Accuracy limitations of singular value decomposition?

Question

in the process of working on a physics problem I have found the need to use the singular value decomposition function built into Mathematica. I have encountered what seem to be limitations to the accuracy of the SVD when the elements of the matrix we are decomposing become large. Let me be more explicit:

The matrix to decompose is defined in terms of the tensor which can be constructed by running the following code:

T = Table[0, {i, 1, 3}, {j, 1, 3}, {k, 1, 3}];

Part[Part[Part[T, 1], 1], 1] = e^(3 (KK + h));
Part[Part[Part[T, 1], 3], 3] = 3 e^(-KK + h);
Part[Part[Part[T, 2], 2], 2] = e^(3 (KK - h));
Part[Part[Part[T, 2], 3], 3] = 3 e^-(KK + h);
T = Normal[Symmetrize[T]];

The matrix that we want to use the SVD on is then

Partition[Flatten[TensorContract[TensorProduct[T,T],{3,4}]],9]

Now we just have to choose some values for the parameters $KK, h$ and let the SVD do its magic. Since it might be relevant to a diagnosis, here is my code for running the SVD:

singout = SingularValueDecomposition[
N[Partition[Flatten[TensorContract[TensorProduct[T, T], {3, 4}]], 
9]], Tolerance -> 0]

In the context of my physics problem, it's reasonable to take $h=0$, so let's do that. If we run the SVD with $KK=1$, I find that the code works exactly as intended: the input matrix is reproduced almost exactly by the matrix product

u.w.Transpose[v]

where $u, w$, and $v$ are as defined in the SVD documentation. There is a bit of numerical noise, but nothing goes dramatically wrong.

In contrast, we can take $KK=10$, which is, again, a reasonable idea in the context of my physics problem. I'm not sure how to format matrices here, so I've attached a picture of the output. The first matrix is the exact input, and the second is the SVD output, chopped at $10^{-10}$ to avoid clutter. There are some small discrepancies between the two matrices, but by far the most important error is the bottom-left entry of the SVD output: it is returning zero instead of a number on the order of $10^8$. I need to understand why this is happening so that I can control the approximation from the SVD appropriately. Any suggestions for understanding this would be very helpful.

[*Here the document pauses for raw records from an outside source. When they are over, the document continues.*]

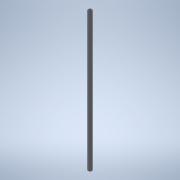
# Autodesk Inventor part: 20-4040_2m
Saved by Autodesk Inventor 2021 (Build 250183000, 183)
## iProperties
Created: 2014-04-23
Part Number: 20-4040_2m
Material: Generic
Document SubType Name: Modeling
Designer: Ross Bowman
Density: 1 g/cm^3
Engineer: Ross Bowman
Catalog Web Link: 8020.net
Vendor: 80/20 Inc.
Appearance: Default
Company: 80/20 Inc.
Material: 6105-T5 Aluminum
Author: Ross Bowman
Keywords: 80/20 , 8020 , T-Slot , Extrusion
Autodesk Inventor part; units mm, degrees
ref_plane "YZ Plane" through (0, 0, 0) normal (1, 0, 0) x (0, 1, 0)
ref_plane "XZ Plane" through (0, 0, 0) normal (0, 1, 0) x (-1, 0, 0)
ref_plane "XY Plane" through (0, 0, 0) normal (0, 0, 1) x (1, 0, 0)
sketch "Sketch1" plane through (0, 0, 0) normal (0, 0, 1) x (1, 0, 0)
  arc A0 (-12.1249, -12.3045) -> (-10.804, -11.9351) centre (-11.5684, -11.748) ccw
  line L0 (-12.3045, -12.1249) -> (-12.1249, -12.3045)
  arc A1 (-11.9351, -10.804) -> (-12.3045, -12.1249) centre (-11.748, -11.5684) ccw
  arc A2 (-11.9351, -9.196) -> (-11.9351, -10.804) centre (-10, -10) ccw
  arc A3 (-12.3045, -7.8751) -> (-11.9351, -9.196) centre (-11.748, -8.4316) ccw
  line L1 (-12.1249, -7.6955) -> (-12.3045, -7.8751)
  arc A4 (-10.804, -8.0649) -> (-12.1249, -7.6955) centre (-11.5684, -8.252) ccw
  arc A5 (-9.196, -8.0649) -> (-10.804, -8.0649) centre (-10, -10) ccw
  arc A6 (-7.8751, -7.6955) -> (-9.196, -8.0649) centre (-8.4316, -8.252) ccw
  line L2 (-7.6955, -7.8751) -> (-7.8751, -7.6955)
  arc A7 (-8.0649, -9.196) -> (-7.6955, -7.8751) centre (-8.252, -8.4316) ccw
  arc A8 (-8.0649, -10.804) -> (-8.0649, -9.196) centre (-10, -10) ccw
  arc A9 (-7.6955, -12.1249) -> (-8.0649, -10.804) centre (-8.252, -11.5684) ccw
  line L3 (-7.8751, -12.3045) -> (-7.6955, -12.1249)
  arc A10 (-9.196, -11.9351) -> (-7.8751, -12.3045) centre (-8.4316, -11.748) ccw
  arc A11 (-10.804, -11.9351) -> (-9.196, -11.9351) centre (-10, -10) ccw
  arc A12 (-2.505, -17.992) -> (-1.997, -18.5) centre (-1.997, -17.992) ccw
  line L4 (-2.505, -16.6448) -> (-2.505, -17.992)
  arc A13 (-2.505, -16.6448) -> (-2.6538, -16.2856) centre (-3.013, -16.6448) ccw
  line L5 (-6.1962, -12.7431) -> (-2.6538, -16.2856)
  arc A14 (-6.345, -12.3839) -> (-6.1962, -12.7431) centre (-5.837, -12.3839) ccw
  line L6 (-6.345, -7.488) -> (-6.345, -12.3839)
  arc A15 (-6.345, -7.488) -> (-7.488, -6.345) centre (-7.488, -7.488) ccw
  line L7 (-12.3839, -6.345) -> (-7.488, -6.345)
  arc A16 (-12.7431, -6.1962) -> (-12.3839, -6.345) centre (-12.3839, -5.837) ccw
  line L8 (-16.2856, -2.6538) -> (-12.7431, -6.1962)
  arc A17 (-16.2856, -2.6538) -> (-16.6448, -2.505) centre (-16.6448, -3.013) ccw
  line L9 (-17.992, -2.505) -> (-16.6448, -2.505)
  arc A18 (-18.5, -1.997) -> (-17.992, -2.505) centre (-17.992, -1.997) ccw
  line L10 (-18.5, 1.997) -> (-18.5, -1.997)
  arc A19 (-17.992, 2.505) -> (-18.5, 1.997) centre (-17.992, 1.997) ccw
  line L11 (-16.6448, 2.505) -> (-17.992, 2.505)
  arc A20 (-16.6448, 2.505) -> (-16.2856, 2.6538) centre (-16.6448, 3.013) ccw
  line L12 (-12.7431, 6.1962) -> (-16.2856, 2.6538)
  arc A21 (-12.3839, 6.345) -> (-12.7431, 6.1962) centre (-12.3839, 5.837) ccw
  line L13 (-7.488, 6.345) -> (-12.3839, 6.345)
  arc A22 (-7.488, 6.345) -> (-6.345, 7.488) centre (-7.488, 7.488) ccw
  line L14 (-6.345, 12.3839) -> (-6.345, 7.488)
  arc A23 (-6.1962, 12.7431) -> (-6.345, 12.3839) centre (-5.837, 12.3839) ccw
  line L15 (-2.6538, 16.2856) -> (-6.1962, 12.7431)
  arc A24 (-2.6538, 16.2856) -> (-2.505, 16.6448) centre (-3.013, 16.6448) ccw
  line L16 (-2.505, 17.992) -> (-2.505, 16.6448)
  arc A25 (-1.997, 18.5) -> (-2.505, 17.992) centre (-1.997, 17.992) ccw
  line L17 (1.997, 18.5) -> (-1.997, 18.5)
  arc A26 (2.505, 17.992) -> (1.997, 18.5) centre (1.997, 17.992) ccw
  line L18 (2.505, 16.6448) -> (2.505, 17.992)
  arc A27 (2.505, 16.6448) -> (2.6538, 16.2856) centre (3.013, 16.6448) ccw
  line L19 (6.1962, 12.7431) -> (2.6538, 16.2856)
  arc A28 (6.345, 12.3839) -> (6.1962, 12.7431) centre (5.837, 12.3839) ccw
  line L20 (6.345, 7.488) -> (6.345, 12.3839)
  arc A29 (6.345, 7.488) -> (7.488, 6.345) centre (7.488, 7.488) ccw
  line L21 (12.3839, 6.345) -> (7.488, 6.345)
  arc A30 (12.7431, 6.1962) -> (12.3839, 6.345) centre (12.3839, 5.837) ccw
  line L22 (16.2856, 2.6538) -> (12.7431, 6.1962)
  arc A31 (16.2856, 2.6538) -> (16.6448, 2.505) centre (16.6448, 3.013) ccw
  line L23 (17.992, 2.505) -> (16.6448, 2.505)
  arc A32 (18.5, 1.997) -> (17.992, 2.505) centre (17.992, 1.997) ccw
  line L24 (18.5, -1.997) -> (18.5, 1.997)
  arc A33 (17.992, -2.505) -> (18.5, -1.997) centre (17.992, -1.997) ccw
  line L25 (16.6448, -2.505) -> (17.992, -2.505)
  arc A34 (16.6448, -2.505) -> (16.2856, -2.6538) centre (16.6448, -3.013) ccw
  line L26 (12.7431, -6.1962) -> (16.2856, -2.6538)
  arc A35 (12.3839, -6.345) -> (12.7431, -6.1962) centre (12.3839, -5.837) ccw
  line L27 (7.488, -6.345) -> (12.3839, -6.345)
  arc A36 (7.488, -6.345) -> (6.345, -7.488) centre (7.488, -7.488) ccw
  line L28 (6.345, -12.3839) -> (6.345, -7.488)
  arc A37 (6.1962, -12.7431) -> (6.345, -12.3839) centre (5.837, -12.3839) ccw
  line L29 (2.6538, -16.2856) -> (6.1962, -12.7431)
  arc A38 (2.6538, -16.2856) -> (2.505, -16.6448) centre (3.013, -16.6448) ccw
  line L30 (2.505, -17.992) -> (2.505, -16.6448)
  arc A39 (1.997, -18.5) -> (2.505, -17.992) centre (1.997, -17.992) ccw
  line L31 (-1.997, -18.5) -> (1.997, -18.5)
  arc A40 (7.8751, -12.3045) -> (9.196, -11.9351) centre (8.4316, -11.748) ccw
  line L32 (7.6955, -12.1249) -> (7.8751, -12.3045)
  arc A41 (8.0649, -10.804) -> (7.6955, -12.1249) centre (8.252, -11.5684) ccw
  arc A42 (8.0649, -9.196) -> (8.0649, -10.804) centre (10, -10) ccw
  arc A43 (7.6955, -7.8751) -> (8.0649, -9.196) centre (8.252, -8.4316) ccw
  line L33 (7.8751, -7.6955) -> (7.6955, -7.8751)
  arc A44 (9.196, -8.0649) -> (7.8751, -7.6955) centre (8.4316, -8.252) ccw
  arc A45 (10.804, -8.0649) -> (9.196, -8.0649) centre (10, -10) ccw
  arc A46 (12.1249, -7.6955) -> (10.804, -8.0649) centre (11.5684, -8.252) ccw
  line L34 (12.3045, -7.8751) -> (12.1249, -7.6955)
  arc A47 (11.9351, -9.196) -> (12.3045, -7.8751) centre (11.748, -8.4316) ccw
  arc A48 (11.9351, -10.804) -> (11.9351, -9.196) centre (10, -10) ccw
  arc A49 (12.3045, -12.1249) -> (11.9351, -10.804) centre (11.748, -11.5684) ccw
  line L35 (12.1249, -12.3045) -> (12.3045, -12.1249)
  arc A50 (10.804, -11.9351) -> (12.1249, -12.3045) centre (11.5684, -11.748) ccw
  arc A51 (9.196, -11.9351) -> (10.804, -11.9351) centre (10, -10) ccw
  arc A52 (-12.1249, 7.6955) -> (-10.804, 8.0649) centre (-11.5684, 8.252) ccw
  line L36 (-12.3045, 7.8751) -> (-12.1249, 7.6955)
  arc A53 (-11.9351, 9.196) -> (-12.3045, 7.8751) centre (-11.748, 8.4316) ccw
  arc A54 (-11.9351, 10.804) -> (-11.9351, 9.196) centre (-10, 10) ccw
  arc A55 (-12.3045, 12.1249) -> (-11.9351, 10.804) centre (-11.748, 11.5684) ccw
  line L37 (-12.1249, 12.3045) -> (-12.3045, 12.1249)
  arc A56 (-10.804, 11.9351) -> (-12.1249, 12.3045) centre (-11.5684, 11.748) ccw
  arc A57 (-9.196, 11.9351) -> (-10.804, 11.9351) centre (-10, 10) ccw
  arc A58 (-7.8751, 12.3045) -> (-9.196, 11.9351) centre (-8.4316, 11.748) ccw
  line L38 (-7.6955, 12.1249) -> (-7.8751, 12.3045)
  arc A59 (-8.0649, 10.804) -> (-7.6955, 12.1249) centre (-8.252, 11.5684) ccw
  arc A60 (-8.0649, 9.196) -> (-8.0649, 10.804) centre (-10, 10) ccw
  arc A61 (-7.6955, 7.8751) -> (-8.0649, 9.196) centre (-8.252, 8.4316) ccw
  line L39 (-7.8751, 7.6955) -> (-7.6955, 7.8751)
  arc A62 (-9.196, 8.0649) -> (-7.8751, 7.6955) centre (-8.4316, 8.252) ccw
  arc A63 (-10.804, 8.0649) -> (-9.196, 8.0649) centre (-10, 10) ccw
  arc A64 (7.8751, 7.6955) -> (9.196, 8.0649) centre (8.4316, 8.252) ccw
  line L40 (7.6955, 7.8751) -> (7.8751, 7.6955)
  arc A65 (8.0649, 9.196) -> (7.6955, 7.8751) centre (8.252, 8.4316) ccw
  arc A66 (8.0649, 10.804) -> (8.0649, 9.196) centre (10, 10) ccw
  arc A67 (7.6955, 12.1249) -> (8.0649, 10.804) centre (8.252, 11.5684) ccw
  line L41 (7.8751, 12.3045) -> (7.6955, 12.1249)
  arc A68 (9.196, 11.9351) -> (7.8751, 12.3045) centre (8.4316, 11.748) ccw
  arc A69 (10.804, 11.9351) -> (9.196, 11.9351) centre (10, 10) ccw
  arc A70 (12.1249, 12.3045) -> (10.804, 11.9351) centre (11.5684, 11.748) ccw
  line L42 (12.3045, 12.1249) -> (12.1249, 12.3045)
  arc A71 (11.9351, 10.804) -> (12.3045, 12.1249) centre (11.748, 11.5684) ccw
  arc A72 (11.9351, 9.196) -> (11.9351, 10.804) centre (10, 10) ccw
  arc A73 (12.3045, 7.8751) -> (11.9351, 9.196) centre (11.748, 8.4316) ccw
  line L43 (12.1249, 7.6955) -> (12.3045, 7.8751)
  arc A74 (10.804, 8.0649) -> (12.1249, 7.6955) centre (11.5684, 8.252) ccw
  arc A75 (9.196, 8.0649) -> (10.804, 8.0649) centre (10, 10) ccw
  arc A76 (-12.3839, -13.655) -> (-12.7431, -13.8038) centre (-12.3839, -14.163) ccw
  line L44 (-12.3839, -13.655) -> (-7.6161, -13.655)
  arc A77 (-7.2569, -13.8038) -> (-7.6161, -13.655) centre (-7.6161, -14.163) ccw
  line L45 (-7.2569, -13.8038) -> (-4.1538, -16.9069)
  arc A78 (-4.005, -17.2661) -> (-4.1538, -16.9069) centre (-4.513, -17.2661) ccw
  line L46 (-4.005, -17.2661) -> (-4.005, -17.992)
  arc A79 (-4.513, -18.5) -> (-4.005, -17.992) centre (-4.513, -17.992) ccw
  line L47 (-4.513, -18.5) -> (-6.862, -18.5)
  arc A80 (-6.862, -18.5) -> (-7.37, -19.008) centre (-6.862, -19.008) ccw
  line L48 (-7.37, -19.008) -> (-7.37, -19.492)
  arc A81 (-7.37, -19.492) -> (-6.862, -20) centre (-6.862, -19.492) ccw
  line L49 (-6.862, -20) -> (6.862, -20)
  arc A82 (6.862, -20) -> (7.37, -19.492) centre (6.862, -19.492) ccw
  line L50 (7.37, -19.492) -> (7.37, -19.008)
  arc A83 (7.37, -19.008) -> (6.862, -18.5) centre (6.862, -19.008) ccw
  line L51 (6.862, -18.5) -> (4.513, -18.5)
  arc A84 (4.005, -17.992) -> (4.513, -18.5) centre (4.513, -17.992) ccw
  line L52 (4.005, -17.992) -> (4.005, -17.2661)
  arc A85 (4.1538, -16.9069) -> (4.005, -17.2661) centre (4.513, -17.2661) ccw
  line L53 (4.1538, -16.9069) -> (7.2569, -13.8038)
  arc A86 (7.6161, -13.655) -> (7.2569, -13.8038) centre (7.6161, -14.163) ccw
  line L54 (7.6161, -13.655) -> (12.3839, -13.655)
  arc A87 (12.7431, -13.8038) -> (12.3839, -13.655) centre (12.3839, -14.163) ccw
  line L55 (12.7431, -13.8038) -> (15.8462, -16.9069)
  arc A88 (15.995, -17.2661) -> (15.8462, -16.9069) centre (15.487, -17.2661) ccw
  line L56 (15.995, -17.2661) -> (15.995, -17.992)
  arc A89 (15.487, -18.5) -> (15.995, -17.992) centre (15.487, -17.992) ccw
  line L57 (15.487, -18.5) -> (13.138, -18.5)
  arc A90 (13.138, -18.5) -> (12.63, -19.008) centre (13.138, -19.008) ccw
  line L58 (12.63, -19.008) -> (12.63, -19.492)
  arc A91 (12.63, -19.492) -> (13.138, -20) centre (13.138, -19.492) ccw
  line L59 (13.138, -20) -> (18.5, -20)
  arc A92 (18.5, -20) -> (20, -18.5) centre (18.5, -18.5) ccw
  line L60 (20, -18.5) -> (20, -13.138)
  arc A93 (20, -13.138) -> (19.492, -12.63) centre (19.492, -13.138) ccw
  line L61 (19.492, -12.63) -> (19.008, -12.63)
  arc A94 (19.008, -12.63) -> (18.5, -13.138) centre (19.008, -13.138) ccw
  line L62 (18.5, -13.138) -> (18.5, -15.487)
  arc A95 (17.992, -15.995) -> (18.5, -15.487) centre (17.992, -15.487) ccw
  line L63 (17.992, -15.995) -> (17.2661, -15.995)
  arc A96 (16.9069, -15.8462) -> (17.2661, -15.995) centre (17.2661, -15.487) ccw
  line L64 (16.9069, -15.8462) -> (13.8038, -12.7431)
  arc A97 (13.655, -12.3839) -> (13.8038, -12.7431) centre (14.163, -12.3839) ccw
  line L65 (13.655, -12.3839) -> (13.655, -7.6161)
  arc A98 (13.8038, -7.2569) -> (13.655, -7.6161) centre (14.163, -7.6161) ccw
  line L66 (13.8038, -7.2569) -> (16.9069, -4.1538)
  arc A99 (17.2661, -4.005) -> (16.9069, -4.1538) centre (17.2661, -4.513) ccw
  line L67 (17.2661, -4.005) -> (17.992, -4.005)
  arc A100 (18.5, -4.513) -> (17.992, -4.005) centre (17.992, -4.513) ccw
  line L68 (18.5, -4.513) -> (18.5, -6.862)
  arc A101 (18.5, -6.862) -> (19.008, -7.37) centre (19.008, -6.862) ccw
  line L69 (19.008, -7.37) -> (19.492, -7.37)
  arc A102 (19.492, -7.37) -> (20, -6.862) centre (19.492, -6.862) ccw
  line L70 (20, -6.862) -> (20, 6.862)
  arc A103 (20, 6.862) -> (19.492, 7.37) centre (19.492, 6.862) ccw
  line L71 (19.492, 7.37) -> (19.008, 7.37)
  arc A104 (19.008, 7.37) -> (18.5, 6.862) centre (19.008, 6.862) ccw
  line L72 (18.5, 6.862) -> (18.5, 4.513)
  arc A105 (17.992, 4.005) -> (18.5, 4.513) centre (17.992, 4.513) ccw
  line L73 (17.992, 4.005) -> (17.2661, 4.005)
  arc A106 (16.9069, 4.1538) -> (17.2661, 4.005) centre (17.2661, 4.513) ccw
  line L74 (16.9069, 4.1538) -> (13.8038, 7.2569)
  arc A107 (13.655, 7.6161) -> (13.8038, 7.2569) centre (14.163, 7.6161) ccw
  line L75 (13.655, 7.6161) -> (13.655, 12.3839)
  arc A108 (13.8038, 12.7431) -> (13.655, 12.3839) centre (14.163, 12.3839) ccw
  line L76 (13.8038, 12.7431) -> (16.9069, 15.8462)
  arc A109 (17.2661, 15.995) -> (16.9069, 15.8462) centre (17.2661, 15.487) ccw
  line L77 (17.2661, 15.995) -> (17.992, 15.995)
  arc A110 (18.5, 15.487) -> (17.992, 15.995) centre (17.992, 15.487) ccw
  line L78 (18.5, 15.487) -> (18.5, 13.138)
  arc A111 (18.5, 13.138) -> (19.008, 12.63) centre (19.008, 13.138) ccw
  line L79 (19.008, 12.63) -> (19.492, 12.63)
  arc A112 (19.492, 12.63) -> (20, 13.138) centre (19.492, 13.138) ccw
  line L80 (20, 13.138) -> (20, 18.5)
  arc A113 (20, 18.5) -> (18.5, 20) centre (18.5, 18.5) ccw
  line L81 (18.5, 20) -> (13.138, 20)
  arc A114 (13.138, 20) -> (12.63, 19.492) centre (13.138, 19.492) ccw
  line L82 (12.63, 19.492) -> (12.63, 19.008)
  arc A115 (12.63, 19.008) -> (13.138, 18.5) centre (13.138, 19.008) ccw
  line L83 (13.138, 18.5) -> (15.487, 18.5)
  arc A116 (15.995, 17.992) -> (15.487, 18.5) centre (15.487, 17.992) ccw
  line L84 (15.995, 17.992) -> (15.995, 17.2661)
  arc A117 (15.8462, 16.9069) -> (15.995, 17.2661) centre (15.487, 17.2661) ccw
  line L85 (15.8462, 16.9069) -> (12.7431, 13.8038)
  arc A118 (12.3839, 13.655) -> (12.7431, 13.8038) centre (12.3839, 14.163) ccw
  line L86 (12.3839, 13.655) -> (7.6161, 13.655)
  arc A119 (7.2569, 13.8038) -> (7.6161, 13.655) centre (7.6161, 14.163) ccw
  line L87 (7.2569, 13.8038) -> (4.1538, 16.9069)
  arc A120 (4.005, 17.2661) -> (4.1538, 16.9069) centre (4.513, 17.2661) ccw
  line L88 (4.005, 17.2661) -> (4.005, 17.992)
  arc A121 (4.513, 18.5) -> (4.005, 17.992) centre (4.513, 17.992) ccw
  line L89 (4.513, 18.5) -> (6.862, 18.5)
  arc A122 (6.862, 18.5) -> (7.37, 19.008) centre (6.862, 19.008) ccw
  line L90 (7.37, 19.008) -> (7.37, 19.492)
  arc A123 (7.37, 19.492) -> (6.862, 20) centre (6.862, 19.492) ccw
  line L91 (6.862, 20) -> (-6.862, 20)
  arc A124 (-6.862, 20) -> (-7.37, 19.492) centre (-6.862, 19.492) ccw
  line L92 (-7.37, 19.492) -> (-7.37, 19.008)
  arc A125 (-7.37, 19.008) -> (-6.862, 18.5) centre (-6.862, 19.008) ccw
  line L93 (-6.862, 18.5) -> (-4.513, 18.5)
  arc A126 (-4.005, 17.992) -> (-4.513, 18.5) centre (-4.513, 17.992) ccw
  line L94 (-4.005, 17.992) -> (-4.005, 17.2661)
  arc A127 (-4.1538, 16.9069) -> (-4.005, 17.2661) centre (-4.513, 17.2661) ccw
  line L95 (-4.1538, 16.9069) -> (-7.2569, 13.8038)
  arc A128 (-7.6161, 13.655) -> (-7.2569, 13.8038) centre (-7.6161, 14.163) ccw
  line L96 (-7.6161, 13.655) -> (-12.3839, 13.655)
  arc A129 (-12.7431, 13.8038) -> (-12.3839, 13.655) centre (-12.3839, 14.163) ccw
  line L97 (-12.7431, 13.8038) -> (-15.8462, 16.9069)
  arc A130 (-15.995, 17.2661) -> (-15.8462, 16.9069) centre (-15.487, 17.2661) ccw
  line L98 (-15.995, 17.2661) -> (-15.995, 17.992)
  arc A131 (-15.487, 18.5) -> (-15.995, 17.992) centre (-15.487, 17.992) ccw
  line L99 (-15.487, 18.5) -> (-13.138, 18.5)
  arc A132 (-13.138, 18.5) -> (-12.63, 19.008) centre (-13.138, 19.008) ccw
  line L100 (-12.63, 19.008) -> (-12.63, 19.492)
  arc A133 (-12.63, 19.492) -> (-13.138, 20) centre (-13.138, 19.492) ccw
  line L101 (-13.138, 20) -> (-18.5, 20)
  arc A134 (-18.5, 20) -> (-20, 18.5) centre (-18.5, 18.5) ccw
  line L102 (-20, 18.5) -> (-20, 13.138)
  arc A135 (-20, 13.138) -> (-19.492, 12.63) centre (-19.492, 13.138) ccw
  line L103 (-19.492, 12.63) -> (-19.008, 12.63)
  arc A136 (-19.008, 12.63) -> (-18.5, 13.138) centre (-19.008, 13.138) ccw
  line L104 (-18.5, 13.138) -> (-18.5, 15.487)
  arc A137 (-17.992, 15.995) -> (-18.5, 15.487) centre (-17.992, 15.487) ccw
  line L105 (-17.992, 15.995) -> (-17.2661, 15.995)
  arc A138 (-16.9069, 15.8462) -> (-17.2661, 15.995) centre (-17.2661, 15.487) ccw
  line L106 (-16.9069, 15.8462) -> (-13.8038, 12.7431)
  arc A139 (-13.655, 12.3839) -> (-13.8038, 12.7431) centre (-14.163, 12.3839) ccw
  line L107 (-13.655, 12.3839) -> (-13.655, 7.6161)
  arc A140 (-13.8038, 7.2569) -> (-13.655, 7.6161) centre (-14.163, 7.6161) ccw
  line L108 (-13.8038, 7.2569) -> (-16.9069, 4.1538)
  arc A141 (-17.2661, 4.005) -> (-16.9069, 4.1538) centre (-17.2661, 4.513) ccw
  line L109 (-17.2661, 4.005) -> (-17.992, 4.005)
  arc A142 (-18.5, 4.513) -> (-17.992, 4.005) centre (-17.992, 4.513) ccw
  line L110 (-18.5, 4.513) -> (-18.5, 6.862)
  arc A143 (-18.5, 6.862) -> (-19.008, 7.37) centre (-19.008, 6.862) ccw
  line L111 (-19.008, 7.37) -> (-19.492, 7.37)
  arc A144 (-19.492, 7.37) -> (-20, 6.862) centre (-19.492, 6.862) ccw
  line L112 (-20, 6.862) -> (-20, -6.862)
  arc A145 (-20, -6.862) -> (-19.492, -7.37) centre (-19.492, -6.862) ccw
  line L113 (-19.492, -7.37) -> (-19.008, -7.37)
  arc A146 (-19.008, -7.37) -> (-18.5, -6.862) centre (-19.008, -6.862) ccw
  line L114 (-18.5, -6.862) -> (-18.5, -4.513)
  arc A147 (-17.992, -4.005) -> (-18.5, -4.513) centre (-17.992, -4.513) ccw
  line L115 (-17.992, -4.005) -> (-17.2661, -4.005)
  arc A148 (-16.9069, -4.1538) -> (-17.2661, -4.005) centre (-17.2661, -4.513) ccw
  line L116 (-16.9069, -4.1538) -> (-13.8038, -7.2569)
  arc A149 (-13.655, -7.6161) -> (-13.8038, -7.2569) centre (-14.163, -7.6161) ccw
  line L117 (-13.655, -7.6161) -> (-13.655, -12.3839)
  arc A150 (-13.8038, -12.7431) -> (-13.655, -12.3839) centre (-14.163, -12.3839) ccw
  line L118 (-13.8038, -12.7431) -> (-16.9069, -15.8462)
  arc A151 (-17.2661, -15.995) -> (-16.9069, -15.8462) centre (-17.2661, -15.487) ccw
  line L119 (-17.2661, -15.995) -> (-17.992, -15.995)
  arc A152 (-18.5, -15.487) -> (-17.992, -15.995) centre (-17.992, -15.487) ccw
  line L120 (-18.5, -15.487) -> (-18.5, -13.138)
  arc A153 (-18.5, -13.138) -> (-19.008, -12.63) centre (-19.008, -13.138) ccw
  line L121 (-19.008, -12.63) -> (-19.492, -12.63)
  arc A154 (-19.492, -12.63) -> (-20, -13.138) centre (-19.492, -13.138) ccw
  line L122 (-20, -13.138) -> (-20, -18.5)
  arc A155 (-20, -18.5) -> (-18.5, -20) centre (-18.5, -18.5) ccw
  line L123 (-18.5, -20) -> (-13.138, -20)
  arc A156 (-13.138, -20) -> (-12.63, -19.492) centre (-13.138, -19.492) ccw
  line L124 (-12.63, -19.492) -> (-12.63, -19.008)
  arc A157 (-12.63, -19.008) -> (-13.138, -18.5) centre (-13.138, -19.008) ccw
  line L125 (-13.138, -18.5) -> (-15.487, -18.5)
  arc A158 (-15.995, -17.992) -> (-15.487, -18.5) centre (-15.487, -17.992) ccw
  line L126 (-15.995, -17.992) -> (-15.995, -17.2661)
  arc A159 (-15.8462, -16.9069) -> (-15.995, -17.2661) centre (-15.487, -17.2661) ccw
  line L127 (-15.8462, -16.9069) -> (-12.7431, -13.8038)
  point P0 (0, 0)
  constraints: 320 point on circle, 256 end point, 160 centre point
extrude "Extrusion1" add sketch "Sketch1" against normal blind 100
move faces "Move1" translate (0, 0, 1900) faces at (-0.6657, 19.5, 0)
body "Solid1"

I should perhaps also note that this seems to be a problem in general for large values of $KK$, but I'm not sure why that is the case. Thanks for any help you can offer.

Answer 1

ClearAll["Global`*"]
T = Table[0, {i, 1, 3}, {j, 1, 3}, {k, 1, 3}];

Part[Part[Part[T, 1], 1], 1] = E^(3 (KK + h));
Part[Part[Part[T, 1], 3], 3] = 3 E^(-KK + h);
Part[Part[Part[T, 2], 2], 2] = E^(3 (KK - h));
Part[Part[Part[T, 2], 3], 3] = 3 E^-(KK + h);
T = Normal[Symmetrize[T]];

h = 0;
KK = 10;
im = Partition[Flatten[TensorContract[TensorProduct[T, T], {3, 4}]], 
   9];
singout = SingularValueDecomposition[N[im, 20], Tolerance -> 0];

{u, w, v} = singout;
res = (u.w.Transpose[v]);

N@MinMax[res - im]

{-4.12231*10^-9, 3.54693*10^-41}

As you can see, very small difference... and as noted, chopping and comparing visually it matches your image.